§ The problem: Output only the lines of the entries that follow, starting at the one with "color=1, linetype='Continuous', lineweight=0)" and running down to the one with "each defined once", both included and unchanged.

§ Data extract:

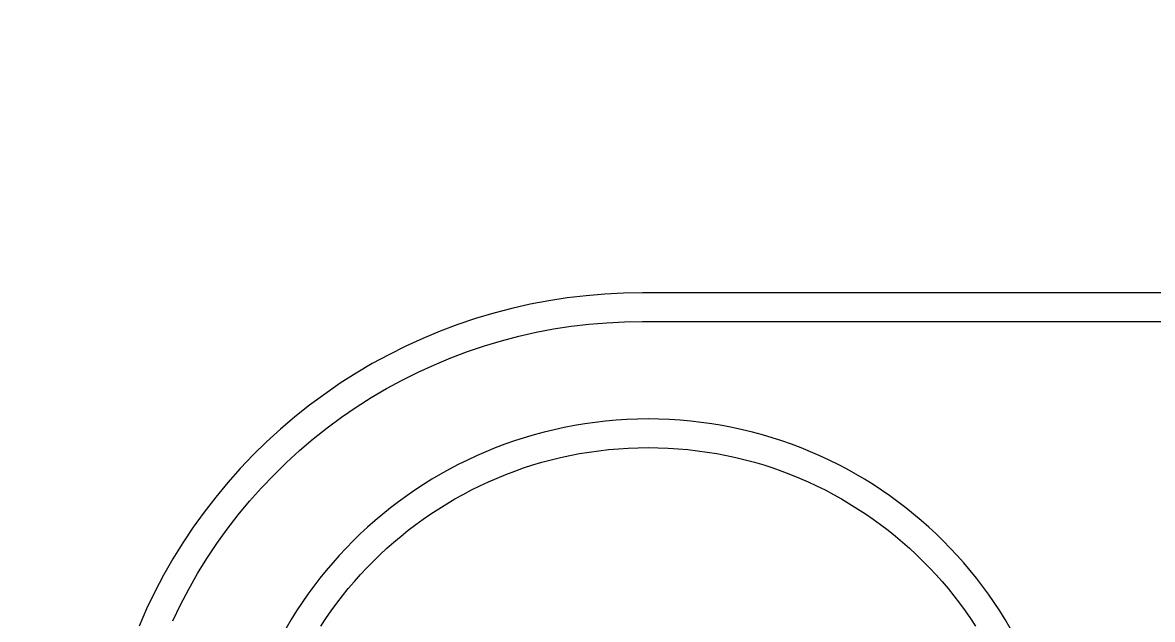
# Model space of a CAD drawing. Header units: millimetres. Extents: x -219 to 4970, y -9 to 3393.
# Drawn here: x 1343.5 to 1413.9, y 3082.6 to 3119.8 of the extents above; entities that cross this region are included whole.
import ezdxf

# ---------------------------------------------------------------- set-up
doc = ezdxf.new("R2010")
doc.units = ezdxf.units.MM
doc.layers.add('ZANO_R', color=7, linetype='Continuous', lineweight=0)
doc.layers.add('ZANO_W', color=1, linetype='Continuous', lineweight=0)
doc.styles.add('Arial', font='arial.ttf')
doc.styles.get("Standard").update_dxf_attribs({"font": 'ARIALUNI.TTF'})
doc.dimstyles.new('pl i ang', dxfattribs={"dimtxt": 50, "dimasz": 50, "dimexe": 1.25, "dimexo": 0.625, "dimgap": 10, "dimtad": 1, "dimtoh": 1, "dimtxsty": 'Standard', "dimcen": 2.5, "dimclrd": 1, "dimclre": 1, "dimclrt": 1, "dimadec": 0, "dimazin": 0, "dimtfac": 1, "dimtmove": 0, "dimatfit": 3, "dimfxl": 1, "dimarcsym": 1})

# ---------------------------------------------------------------- blocks, each defined once
blk = doc.blocks.new('*D480')
at = {"layer": 'ZANO_W', "color": 1, "lineweight": -2}
blk.add_arc((3941.475, 2679.364), 150.809, 99.55169, 164.75824, dxfattribs=at)
at = {"layer": 'ZANO_W', "color": 1}
for points in [[(3916.675, 2821.419), (3916.226, 2834.745), (3956.428, 2829.43)], [(3789.363, 2719.894), (3802.578, 2718.126), (3790.666, 2679.364)]]:
    blk.add_solid(points, dxfattribs=at)
at = {"layer": 'ZANO_W', "color": 1, "insert": (3819.669, 2813.909), "char_height": 40, "attachment_point": 5, "rotation": 42.15496, "style": 'Arial'}
blk.add_mtext('96%%d', dxfattribs=at)

msp = doc.modelspace()

# ---------------------------------------------------------------- linework, layer by layer
at = {"layer": 'ZANO_R'}
for p, q in [((1378.624, 3102.762), (1377.46, 3102.624)), ((1379.793, 3102.86), (1378.624, 3102.762)), ((1380.964, 3102.917), (1379.793, 3102.86)), ((1382.136, 3102.934), (1380.964, 3102.917)), ((1556.941, 3102.934), (1382.136, 3102.934)), ((1374.006, 3101.97), (1372.872, 3101.673)), ((1375.149, 3102.228), (1374.006, 3101.97)), ((1376.301, 3102.446), (1375.149, 3102.228)), ((1377.46, 3102.624), (1376.301, 3102.446)), ((1371.748, 3101.337), (1370.638, 3100.962)), ((1372.872, 3101.673), (1371.748, 3101.337)), ((1369.54, 3100.549), (1368.458, 3100.098)), ((1370.638, 3100.962), (1369.54, 3100.549)), ((1375.517, 3100.481), (1376.609, 3100.687)), ((1376.609, 3100.687), (1377.706, 3100.856)), ((1377.706, 3100.856), (1378.809, 3100.987)), ((1378.809, 3100.987), (1379.916, 3101.079)), ((1379.916, 3101.079), (1381.026, 3101.133)), ((1381.026, 3101.133), (1382.136, 3101.149)), ((1382.136, 3101.149), (1556.941, 3101.149)), ((1368.458, 3100.098), (1367.392, 3099.61)), ((1372.295, 3099.636), (1373.359, 3099.955)), ((1373.359, 3099.955), (1374.434, 3100.236)), ((1374.434, 3100.236), (1375.517, 3100.481)), ((1367.392, 3099.61), (1366.344, 3099.085)), ((1370.204, 3098.889), (1371.243, 3099.281)), ((1371.243, 3099.281), (1372.295, 3099.636)), ((1365.314, 3098.525), (1364.304, 3097.929)), ((1366.344, 3099.085), (1365.314, 3098.525)), ((1368.168, 3098), (1369.178, 3098.462)), ((1369.178, 3098.462), (1370.204, 3098.889)), ((1364.304, 3097.929), (1363.316, 3097.299)), ((1367.175, 3097.503), (1368.168, 3098)), ((1363.316, 3097.299), (1362.35, 3096.634)), ((1366.2, 3096.972), (1367.175, 3097.503)), ((1362.35, 3096.634), (1361.407, 3095.937)), ((1364.307, 3095.811), (1365.243, 3096.408)), ((1365.243, 3096.408), (1366.2, 3096.972)), ((1361.407, 3095.937), (1360.489, 3095.208)), ((1363.391, 3095.181), (1364.307, 3095.811)), ((1360.489, 3095.208), (1359.597, 3094.447)), ((1362.498, 3094.521), (1363.391, 3095.181)), ((1379.842, 3094.942), (1379.19, 3094.867)), ((1380.499, 3095), (1379.842, 3094.942)), ((1381.161, 3095.042), (1380.499, 3095)), ((1381.827, 3095.067), (1381.161, 3095.042)), ((1382.497, 3095.076), (1381.827, 3095.067)), ((1383.167, 3095.067), (1382.497, 3095.076)), ((1383.833, 3095.042), (1383.167, 3095.067)), ((1384.495, 3095), (1383.833, 3095.042)), ((1385.152, 3094.942), (1384.495, 3095)), ((1385.804, 3094.867), (1385.152, 3094.942)), ((1359.597, 3094.447), (1358.732, 3093.656)), ((1361.629, 3093.83), (1362.498, 3094.521)), ((1376.007, 3094.258), (1375.387, 3094.091)), ((1376.632, 3094.411), (1376.007, 3094.258)), ((1377.263, 3094.548), (1376.632, 3094.411)), ((1377.9, 3094.67), (1377.263, 3094.548)), ((1378.543, 3094.777), (1377.9, 3094.67)), ((1379.19, 3094.867), (1378.543, 3094.777)), ((1386.451, 3094.777), (1385.804, 3094.867)), ((1387.094, 3094.67), (1386.451, 3094.777)), ((1387.731, 3094.548), (1387.094, 3094.67)), ((1388.362, 3094.411), (1387.731, 3094.548)), ((1388.987, 3094.258), (1388.362, 3094.411)), ((1389.607, 3094.091), (1388.987, 3094.258)), ((1358.732, 3093.656), (1357.894, 3092.836)), ((1360.784, 3093.109), (1361.629, 3093.83)), ((1373.566, 3093.5), (1372.973, 3093.275)), ((1374.167, 3093.712), (1373.566, 3093.5)), ((1374.774, 3093.909), (1374.167, 3093.712)), ((1375.387, 3094.091), (1374.774, 3093.909)), ((1390.22, 3093.909), (1389.607, 3094.091)), ((1390.828, 3093.712), (1390.22, 3093.909)), ((1391.428, 3093.5), (1390.828, 3093.712)), ((1392.022, 3093.275), (1391.428, 3093.5)), ((1357.894, 3092.836), (1357.086, 3091.987)), ((1359.964, 3092.36), (1360.784, 3093.109)), ((1371.807, 3092.783), (1371.235, 3092.516)), ((1372.386, 3093.036), (1371.807, 3092.783)), ((1372.973, 3093.275), (1372.386, 3093.036)), ((1377.035, 3092.677), (1377.623, 3092.804)), ((1377.623, 3092.804), (1378.216, 3092.918)), ((1378.216, 3092.918), (1378.814, 3093.017)), ((1378.814, 3093.017), (1379.417, 3093.101)), ((1379.417, 3093.101), (1380.025, 3093.171)), ((1380.025, 3093.171), (1380.637, 3093.225)), ((1380.637, 3093.225), (1381.253, 3093.264)), ((1381.253, 3093.264), (1381.873, 3093.288)), ((1381.873, 3093.288), (1382.497, 3093.296)), ((1382.497, 3093.296), (1383.121, 3093.288)), ((1383.121, 3093.288), (1383.741, 3093.264)), ((1383.741, 3093.264), (1384.357, 3093.225)), ((1384.357, 3093.225), (1384.969, 3093.171)), ((1384.969, 3093.171), (1385.577, 3093.101)), ((1385.577, 3093.101), (1386.18, 3093.017)), ((1386.18, 3093.017), (1386.778, 3092.918)), ((1386.778, 3092.918), (1387.371, 3092.804)), ((1387.371, 3092.804), (1387.959, 3092.677)), ((1392.608, 3093.036), (1392.022, 3093.275)), ((1393.188, 3092.783), (1392.608, 3093.036)), ((1393.76, 3092.516), (1393.188, 3092.783)), ((1359.171, 3091.583), (1359.964, 3092.36)), ((1370.67, 3092.236), (1370.114, 3091.943)), ((1371.235, 3092.516), (1370.67, 3092.236)), ((1374.739, 3092.025), (1375.304, 3092.209)), ((1375.304, 3092.209), (1375.875, 3092.378)), ((1375.875, 3092.378), (1376.452, 3092.534)), ((1376.452, 3092.534), (1377.035, 3092.677)), ((1387.959, 3092.677), (1388.542, 3092.534)), ((1388.542, 3092.534), (1389.119, 3092.378)), ((1389.119, 3092.378), (1389.69, 3092.209)), ((1389.69, 3092.209), (1390.255, 3092.025)), ((1394.324, 3092.236), (1393.76, 3092.516)), ((1394.881, 3091.943), (1394.324, 3092.236)), ((1357.086, 3091.987), (1356.307, 3091.11)), ((1358.405, 3090.778), (1359.171, 3091.583)), ((1369.565, 3091.637), (1369.025, 3091.318)), ((1370.114, 3091.943), (1369.565, 3091.637)), ((1372.541, 3091.16), (1373.081, 3091.396)), ((1373.081, 3091.396), (1373.627, 3091.619)), ((1373.627, 3091.619), (1374.18, 3091.829)), ((1374.18, 3091.829), (1374.739, 3092.025)), ((1390.255, 3092.025), (1390.815, 3091.829)), ((1390.815, 3091.829), (1391.367, 3091.619)), ((1391.367, 3091.619), (1391.914, 3091.396)), ((1391.914, 3091.396), (1392.453, 3091.16)), ((1395.429, 3091.637), (1394.881, 3091.943)), ((1395.97, 3091.318), (1395.429, 3091.637)), ((1356.307, 3091.11), (1355.559, 3090.207)), ((1357.667, 3089.948), (1358.405, 3090.778)), ((1368.493, 3090.987), (1367.97, 3090.643)), ((1369.025, 3091.318), (1368.493, 3090.987)), ((1371.483, 3090.651), (1372.008, 3090.912)), ((1372.008, 3090.912), (1372.541, 3091.16)), ((1392.453, 3091.16), (1392.986, 3090.912)), ((1392.986, 3090.912), (1393.512, 3090.651)), ((1396.501, 3090.987), (1395.97, 3091.318)), ((1397.025, 3090.643), (1396.501, 3090.987)), ((1355.559, 3090.207), (1354.843, 3089.279)), ((1367.456, 3090.287), (1366.95, 3089.92)), ((1367.97, 3090.643), (1367.456, 3090.287)), ((1369.95, 3089.796), (1370.453, 3090.093)), ((1370.453, 3090.093), (1370.964, 3090.378)), ((1370.964, 3090.378), (1371.483, 3090.651)), ((1393.512, 3090.651), (1394.03, 3090.378)), ((1394.03, 3090.378), (1394.541, 3090.093)), ((1394.541, 3090.093), (1395.044, 3089.796)), ((1397.539, 3090.287), (1397.025, 3090.643)), ((1398.044, 3089.92), (1397.539, 3090.287)), ((1354.843, 3089.279), (1354.159, 3088.327)), ((1356.958, 3089.093), (1357.667, 3089.948)), ((1366.454, 3089.54), (1365.968, 3089.15)), ((1366.95, 3089.92), (1366.454, 3089.54)), ((1368.968, 3089.167), (1369.455, 3089.487)), ((1369.455, 3089.487), (1369.95, 3089.796)), ((1395.044, 3089.796), (1395.54, 3089.487)), ((1395.54, 3089.487), (1396.027, 3089.167)), ((1398.54, 3089.54), (1398.044, 3089.92)), ((1399.027, 3089.15), (1398.54, 3089.54)), ((1356.28, 3088.213), (1356.958, 3089.093)), ((1365.491, 3088.748), (1365.024, 3088.334)), ((1365.968, 3089.15), (1365.491, 3088.748)), ((1368.018, 3088.494), (1368.489, 3088.836)), ((1368.489, 3088.836), (1368.968, 3089.167)), ((1396.027, 3089.167), (1396.506, 3088.836)), ((1396.506, 3088.836), (1396.976, 3088.494)), ((1399.504, 3088.748), (1399.027, 3089.15)), ((1399.971, 3088.334), (1399.504, 3088.748)), ((1354.159, 3088.327), (1353.509, 3087.351)), ((1355.632, 3087.311), (1356.28, 3088.213)), ((1364.567, 3087.91), (1364.121, 3087.476)), ((1365.024, 3088.334), (1364.567, 3087.91)), ((1367.103, 3087.777), (1367.556, 3088.14)), ((1367.556, 3088.14), (1368.018, 3088.494)), ((1396.976, 3088.494), (1397.438, 3088.14)), ((1397.438, 3088.14), (1397.892, 3087.777)), ((1400.428, 3087.91), (1399.971, 3088.334)), ((1400.874, 3087.476), (1400.428, 3087.91)), ((1353.509, 3087.351), (1352.892, 3086.354)), ((1355.016, 3086.387), (1355.632, 3087.311)), ((1364.121, 3087.476), (1363.684, 3087.03)), ((1366.224, 3087.017), (1366.659, 3087.402)), ((1366.659, 3087.402), (1367.103, 3087.777)), ((1397.892, 3087.777), (1398.336, 3087.402)), ((1398.336, 3087.402), (1398.771, 3087.017)), ((1401.31, 3087.03), (1400.874, 3087.476)), ((1363.259, 3086.575), (1362.845, 3086.109)), ((1363.684, 3087.03), (1363.259, 3086.575)), ((1365.383, 3086.217), (1365.799, 3086.622)), ((1365.799, 3086.622), (1366.224, 3087.017)), ((1398.771, 3087.017), (1399.196, 3086.622)), ((1399.196, 3086.622), (1399.612, 3086.217)), ((1401.736, 3086.575), (1401.31, 3087.03)), ((1402.15, 3086.109), (1401.736, 3086.575)), ((1352.892, 3086.354), (1352.311, 3085.336)), ((1354.432, 3085.442), (1355.016, 3086.387)), ((1362.845, 3086.109), (1362.441, 3085.634)), ((1364.58, 3085.379), (1364.976, 3085.803)), ((1364.976, 3085.803), (1365.383, 3086.217)), ((1399.612, 3086.217), (1400.018, 3085.803)), ((1400.018, 3085.803), (1400.415, 3085.379)), ((1402.554, 3085.634), (1402.15, 3086.109)), ((1352.311, 3085.336), (1351.765, 3084.298)), ((1353.881, 3084.478), (1354.432, 3085.442)), ((1362.049, 3085.149), (1361.669, 3084.654)), ((1362.441, 3085.634), (1362.049, 3085.149)), ((1364.194, 3084.945), (1364.58, 3085.379)), ((1400.415, 3085.379), (1400.801, 3084.945)), ((1402.946, 3085.149), (1402.554, 3085.634)), ((1403.326, 3084.654), (1402.946, 3085.149)), ((1353.364, 3083.495), (1353.881, 3084.478)), ((1361.669, 3084.654), (1361.3, 3084.151)), ((1363.454, 3084.051), (1363.819, 3084.502)), ((1363.819, 3084.502), (1364.194, 3084.945)), ((1400.801, 3084.945), (1401.176, 3084.502)), ((1401.176, 3084.502), (1401.541, 3084.051)), ((1403.695, 3084.151), (1403.326, 3084.654)), ((1351.765, 3084.298), (1351.256, 3083.242)), ((1360.943, 3083.638), (1360.599, 3083.116)), ((1361.3, 3084.151), (1360.943, 3083.638)), ((1363.099, 3083.59), (1363.454, 3084.051)), ((1401.541, 3084.051), (1401.896, 3083.59)), ((1404.052, 3083.638), (1403.695, 3084.151)), ((1404.396, 3083.116), (1404.052, 3083.638)), ((1351.256, 3083.242), (1350.783, 3082.169)), ((1352.881, 3082.494), (1353.364, 3083.495)), ((1360.599, 3083.116), (1360.266, 3082.586)), ((1362.423, 3082.643), (1362.756, 3083.121)), ((1362.756, 3083.121), (1363.099, 3083.59)), ((1401.896, 3083.59), (1402.239, 3083.121)), ((1402.239, 3083.121), (1402.572, 3082.643)), ((1404.729, 3082.586), (1404.396, 3083.116)), ((1360.266, 3082.586), (1359.946, 3082.048)), ((1362.102, 3082.158), (1362.423, 3082.643)), ((1402.572, 3082.643), (1402.893, 3082.158)), ((1405.049, 3082.048), (1404.729, 3082.586))]:
    msp.add_line(p, q, dxfattribs=at)

# ---------------------------------------------------------------- dimensions: what is measured, and where the dimension line sits
at = {"layer": 'ZANO_W'}
dim = msp.add_angular_dim_2l(base=(3874.876, 2814.671), line1=((-70.179, 2679.364), (4806.115, 2679.364)), line2=((3941.541, 2680.022), (3985.358, 3119.784)), dimstyle='pl i ang', override={"dimtxt": 40, "dimasz": 40, "dimexe": 10, "dimexo": 10, "dimtoh": 0, "dimdec": 0, "dimtxsty": 'Arial', "dimtdec": 0, "dimtmove": 1}, dxfattribs=at)
dim.commit()
dim.dimension.update_dxf_attribs({"geometry": '*D480', "text_midpoint": (3819.669, 2813.909)})

doc.saveas('drawing.dxf')

§ Result for this exercise:
doc.layers.add('ZANO_W', color=1, linetype='Continuous', lineweight=0)
doc.styles.add('Arial', font='arial.ttf')
doc.styles.get("Standard").update_dxf_attribs({"font": 'ARIALUNI.TTF'})
doc.dimstyles.new('pl i ang', dxfattribs={"dimtxt": 50, "dimasz": 50, "dimexe": 1.25, "dimexo": 0.625, "dimgap": 10, "dimtad": 1, "dimtoh": 1, "dimtxsty": 'Standard', "dimcen": 2.5, "dimclrd": 1, "dimclre": 1, "dimclrt": 1, "dimadec": 0, "dimazin": 0, "dimtfac": 1, "dimtmove": 0, "dimatfit": 3, "dimfxl": 1, "dimarcsym": 1})

# ---------------------------------------------------------------- blocks, each defined once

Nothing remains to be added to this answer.